If such a scheme were introduced, companies could defer the interest repayments on debt that begin to mature in March 2021, at a time when they will already have faced an accumulation of VAT and commercial rate invoices, plus the expiration of the Work withholding scheme, which has seen the government pay 80% of the wages of more than 9 million people.

Over time, the banks say, these business notes could be divided and sold to investors, just like the student loan debt packages and bad loans from the financial crisis, which took it out of the government’s hands.

The government is already committed to most of this debt through its coronavirus loan guarantees to banks. Banks would also enjoy the opportunity to earn any fees associated with organizing these sales.

The Treasury described the proposals as “a useful contribution to the discussions on how companies can best be supported in this difficult time.”

Debate on government intervention.

However, on Tuesday, the chancellor said the bar for government intervention was “very high” and should be “exceptionally rare and only in situations where companies have some strategic value, clearly have a viable long-term future and where creditors and shareholders have a shared burden and are not just looking for a free trip for the taxpayer. “

The financial services industry responds that this would not amount to direct ownership participation and that the government has already clearly recognized that a labor apocalypse is on the horizon.

Without a means to turn a short-term debt emergency into a longer-term repayment plan, it will arrive in March of next year.

These proposals are unlikely to be the final answer. They could be subject to abuse, like any large and quick intervention. For example, there should surely be some conditions so that companies cannot pay their own shareholders large dividends after having parked their debts for the time being.

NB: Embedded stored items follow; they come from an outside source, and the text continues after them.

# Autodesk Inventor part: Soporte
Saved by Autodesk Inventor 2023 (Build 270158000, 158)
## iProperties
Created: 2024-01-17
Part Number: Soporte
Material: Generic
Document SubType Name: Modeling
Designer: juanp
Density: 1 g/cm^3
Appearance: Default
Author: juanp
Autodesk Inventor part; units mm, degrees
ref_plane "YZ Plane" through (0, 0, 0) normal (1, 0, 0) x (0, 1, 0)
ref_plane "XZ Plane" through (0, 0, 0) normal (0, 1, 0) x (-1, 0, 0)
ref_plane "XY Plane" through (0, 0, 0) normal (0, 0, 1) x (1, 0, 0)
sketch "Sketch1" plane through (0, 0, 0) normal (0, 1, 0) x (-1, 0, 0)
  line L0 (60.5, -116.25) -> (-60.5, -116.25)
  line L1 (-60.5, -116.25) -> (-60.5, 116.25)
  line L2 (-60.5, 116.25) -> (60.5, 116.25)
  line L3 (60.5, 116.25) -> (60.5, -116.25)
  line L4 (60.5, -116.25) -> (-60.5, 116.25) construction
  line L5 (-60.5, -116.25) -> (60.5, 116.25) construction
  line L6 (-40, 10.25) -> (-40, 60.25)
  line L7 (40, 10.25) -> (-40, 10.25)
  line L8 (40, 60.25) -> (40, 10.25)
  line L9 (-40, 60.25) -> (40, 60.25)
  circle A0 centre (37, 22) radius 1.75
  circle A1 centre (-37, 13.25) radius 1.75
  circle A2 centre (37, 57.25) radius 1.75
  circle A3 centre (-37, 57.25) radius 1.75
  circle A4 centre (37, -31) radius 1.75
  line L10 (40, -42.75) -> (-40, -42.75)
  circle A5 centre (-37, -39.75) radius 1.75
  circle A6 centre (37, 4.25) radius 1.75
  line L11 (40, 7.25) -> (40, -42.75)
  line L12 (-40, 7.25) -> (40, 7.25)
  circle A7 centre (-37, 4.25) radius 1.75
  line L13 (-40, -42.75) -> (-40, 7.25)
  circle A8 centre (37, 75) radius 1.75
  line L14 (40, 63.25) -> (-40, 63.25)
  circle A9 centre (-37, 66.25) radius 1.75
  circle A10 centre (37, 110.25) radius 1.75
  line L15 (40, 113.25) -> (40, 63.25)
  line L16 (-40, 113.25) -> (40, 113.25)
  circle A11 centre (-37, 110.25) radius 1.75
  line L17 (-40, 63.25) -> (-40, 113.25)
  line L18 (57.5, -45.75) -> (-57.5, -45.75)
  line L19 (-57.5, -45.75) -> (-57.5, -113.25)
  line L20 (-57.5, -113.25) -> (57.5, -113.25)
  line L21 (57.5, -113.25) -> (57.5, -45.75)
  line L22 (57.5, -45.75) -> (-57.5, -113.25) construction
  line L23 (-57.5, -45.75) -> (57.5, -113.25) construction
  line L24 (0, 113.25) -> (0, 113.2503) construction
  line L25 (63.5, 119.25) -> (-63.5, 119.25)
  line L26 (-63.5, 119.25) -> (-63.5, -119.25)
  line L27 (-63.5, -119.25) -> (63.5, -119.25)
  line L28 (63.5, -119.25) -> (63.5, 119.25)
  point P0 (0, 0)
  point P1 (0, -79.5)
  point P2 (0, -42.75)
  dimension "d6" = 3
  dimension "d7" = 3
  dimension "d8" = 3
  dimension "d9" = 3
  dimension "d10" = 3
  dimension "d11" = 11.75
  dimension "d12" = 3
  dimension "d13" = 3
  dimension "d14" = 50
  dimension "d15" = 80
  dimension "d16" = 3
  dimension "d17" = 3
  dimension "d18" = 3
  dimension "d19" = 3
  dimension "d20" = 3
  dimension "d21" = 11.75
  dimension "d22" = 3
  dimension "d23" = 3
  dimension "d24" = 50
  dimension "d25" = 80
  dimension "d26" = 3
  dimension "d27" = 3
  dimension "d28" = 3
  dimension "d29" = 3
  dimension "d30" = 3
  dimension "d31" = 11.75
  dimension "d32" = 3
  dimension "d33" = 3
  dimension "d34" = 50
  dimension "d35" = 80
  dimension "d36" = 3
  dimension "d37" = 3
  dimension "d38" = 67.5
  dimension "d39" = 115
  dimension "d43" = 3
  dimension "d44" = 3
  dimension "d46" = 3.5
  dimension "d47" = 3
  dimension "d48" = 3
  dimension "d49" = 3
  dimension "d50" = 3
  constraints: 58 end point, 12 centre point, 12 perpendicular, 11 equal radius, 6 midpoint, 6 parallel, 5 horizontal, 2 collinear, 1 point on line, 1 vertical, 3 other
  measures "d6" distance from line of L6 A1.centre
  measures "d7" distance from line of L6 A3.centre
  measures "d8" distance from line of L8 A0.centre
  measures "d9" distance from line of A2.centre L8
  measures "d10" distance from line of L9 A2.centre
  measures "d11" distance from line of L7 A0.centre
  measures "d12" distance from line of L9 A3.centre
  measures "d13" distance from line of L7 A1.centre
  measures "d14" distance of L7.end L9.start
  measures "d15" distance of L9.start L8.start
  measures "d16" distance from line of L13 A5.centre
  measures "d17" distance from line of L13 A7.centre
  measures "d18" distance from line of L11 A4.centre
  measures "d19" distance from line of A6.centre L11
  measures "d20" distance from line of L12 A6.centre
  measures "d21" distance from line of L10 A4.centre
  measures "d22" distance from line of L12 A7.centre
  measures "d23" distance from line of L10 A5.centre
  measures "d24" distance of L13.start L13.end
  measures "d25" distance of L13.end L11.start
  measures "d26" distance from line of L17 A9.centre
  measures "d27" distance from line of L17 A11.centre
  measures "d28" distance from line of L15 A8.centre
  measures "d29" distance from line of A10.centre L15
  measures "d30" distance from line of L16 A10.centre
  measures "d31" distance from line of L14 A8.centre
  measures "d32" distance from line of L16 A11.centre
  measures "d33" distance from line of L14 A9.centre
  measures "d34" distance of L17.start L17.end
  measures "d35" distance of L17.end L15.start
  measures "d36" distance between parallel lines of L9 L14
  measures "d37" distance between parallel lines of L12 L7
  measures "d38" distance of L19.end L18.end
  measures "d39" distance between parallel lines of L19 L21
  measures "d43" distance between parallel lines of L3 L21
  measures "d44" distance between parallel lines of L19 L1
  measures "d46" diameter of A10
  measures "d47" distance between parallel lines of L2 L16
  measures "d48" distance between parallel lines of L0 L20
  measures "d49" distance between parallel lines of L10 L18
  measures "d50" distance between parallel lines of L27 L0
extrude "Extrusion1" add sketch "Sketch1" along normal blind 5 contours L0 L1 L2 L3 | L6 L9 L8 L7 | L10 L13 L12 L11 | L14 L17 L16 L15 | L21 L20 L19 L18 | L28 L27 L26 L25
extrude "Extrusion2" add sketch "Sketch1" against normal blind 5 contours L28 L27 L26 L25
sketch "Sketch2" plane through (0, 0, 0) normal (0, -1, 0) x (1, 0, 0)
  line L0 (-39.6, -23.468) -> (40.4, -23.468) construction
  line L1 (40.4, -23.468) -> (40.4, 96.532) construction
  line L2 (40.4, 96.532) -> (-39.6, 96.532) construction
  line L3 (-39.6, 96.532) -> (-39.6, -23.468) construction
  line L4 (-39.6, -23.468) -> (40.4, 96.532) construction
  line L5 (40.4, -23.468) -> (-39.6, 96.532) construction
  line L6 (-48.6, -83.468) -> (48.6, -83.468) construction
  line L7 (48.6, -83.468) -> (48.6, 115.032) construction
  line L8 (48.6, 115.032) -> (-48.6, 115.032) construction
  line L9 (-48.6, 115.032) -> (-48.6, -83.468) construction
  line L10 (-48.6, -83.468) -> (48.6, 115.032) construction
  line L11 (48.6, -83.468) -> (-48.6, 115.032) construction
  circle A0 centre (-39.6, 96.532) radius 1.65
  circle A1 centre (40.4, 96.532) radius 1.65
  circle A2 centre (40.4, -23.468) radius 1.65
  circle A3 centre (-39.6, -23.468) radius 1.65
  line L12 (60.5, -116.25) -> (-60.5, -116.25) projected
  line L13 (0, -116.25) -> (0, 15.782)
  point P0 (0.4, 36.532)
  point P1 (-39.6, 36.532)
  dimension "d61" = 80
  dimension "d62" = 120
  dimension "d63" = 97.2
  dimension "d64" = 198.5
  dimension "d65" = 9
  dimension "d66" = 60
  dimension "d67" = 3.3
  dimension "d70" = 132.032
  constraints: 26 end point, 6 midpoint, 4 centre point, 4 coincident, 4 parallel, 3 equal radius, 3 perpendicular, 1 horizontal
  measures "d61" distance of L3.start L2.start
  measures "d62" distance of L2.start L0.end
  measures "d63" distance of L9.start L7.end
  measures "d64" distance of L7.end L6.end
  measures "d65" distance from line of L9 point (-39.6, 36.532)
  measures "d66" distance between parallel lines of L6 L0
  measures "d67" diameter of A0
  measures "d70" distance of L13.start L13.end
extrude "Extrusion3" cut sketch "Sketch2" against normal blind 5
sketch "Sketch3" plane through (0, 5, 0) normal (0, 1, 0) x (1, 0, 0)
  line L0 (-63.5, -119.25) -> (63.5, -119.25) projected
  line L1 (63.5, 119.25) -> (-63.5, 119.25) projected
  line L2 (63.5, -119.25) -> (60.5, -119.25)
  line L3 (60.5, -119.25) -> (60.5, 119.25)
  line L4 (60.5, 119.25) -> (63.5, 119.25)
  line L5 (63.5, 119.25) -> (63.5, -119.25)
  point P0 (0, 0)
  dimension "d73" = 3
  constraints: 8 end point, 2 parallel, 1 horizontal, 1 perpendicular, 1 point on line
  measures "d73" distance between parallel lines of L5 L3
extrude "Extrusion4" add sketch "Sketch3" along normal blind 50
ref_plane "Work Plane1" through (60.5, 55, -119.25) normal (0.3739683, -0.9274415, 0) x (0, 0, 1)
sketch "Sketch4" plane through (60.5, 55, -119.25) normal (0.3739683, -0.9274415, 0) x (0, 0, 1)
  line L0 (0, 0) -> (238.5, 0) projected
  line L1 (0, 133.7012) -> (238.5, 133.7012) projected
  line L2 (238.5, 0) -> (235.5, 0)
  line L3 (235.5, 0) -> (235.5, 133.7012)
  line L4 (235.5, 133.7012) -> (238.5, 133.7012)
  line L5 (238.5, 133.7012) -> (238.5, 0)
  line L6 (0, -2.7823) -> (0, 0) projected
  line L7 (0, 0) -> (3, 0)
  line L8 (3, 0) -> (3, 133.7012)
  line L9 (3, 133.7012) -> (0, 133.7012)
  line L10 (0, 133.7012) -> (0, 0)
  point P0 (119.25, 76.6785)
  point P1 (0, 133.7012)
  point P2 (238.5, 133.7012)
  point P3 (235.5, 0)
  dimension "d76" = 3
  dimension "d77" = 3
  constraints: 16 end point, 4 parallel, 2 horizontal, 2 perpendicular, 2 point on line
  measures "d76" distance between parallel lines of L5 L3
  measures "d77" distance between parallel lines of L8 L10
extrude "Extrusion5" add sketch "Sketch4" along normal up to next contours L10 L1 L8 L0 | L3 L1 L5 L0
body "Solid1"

Many will also scoff at the banks’ nerve to try to offload the balance sheet problem to taxpayers after what happened a decade ago. But to be clear, the government has already guaranteed most of these debts. It is already a taxpayer’s problem.

Sooner or later, the government will have to pay a massive bill for this crisis. Banks argue that the later the bill arrives, the less it will be for the taxpayer and the less damage to the UK social fabric.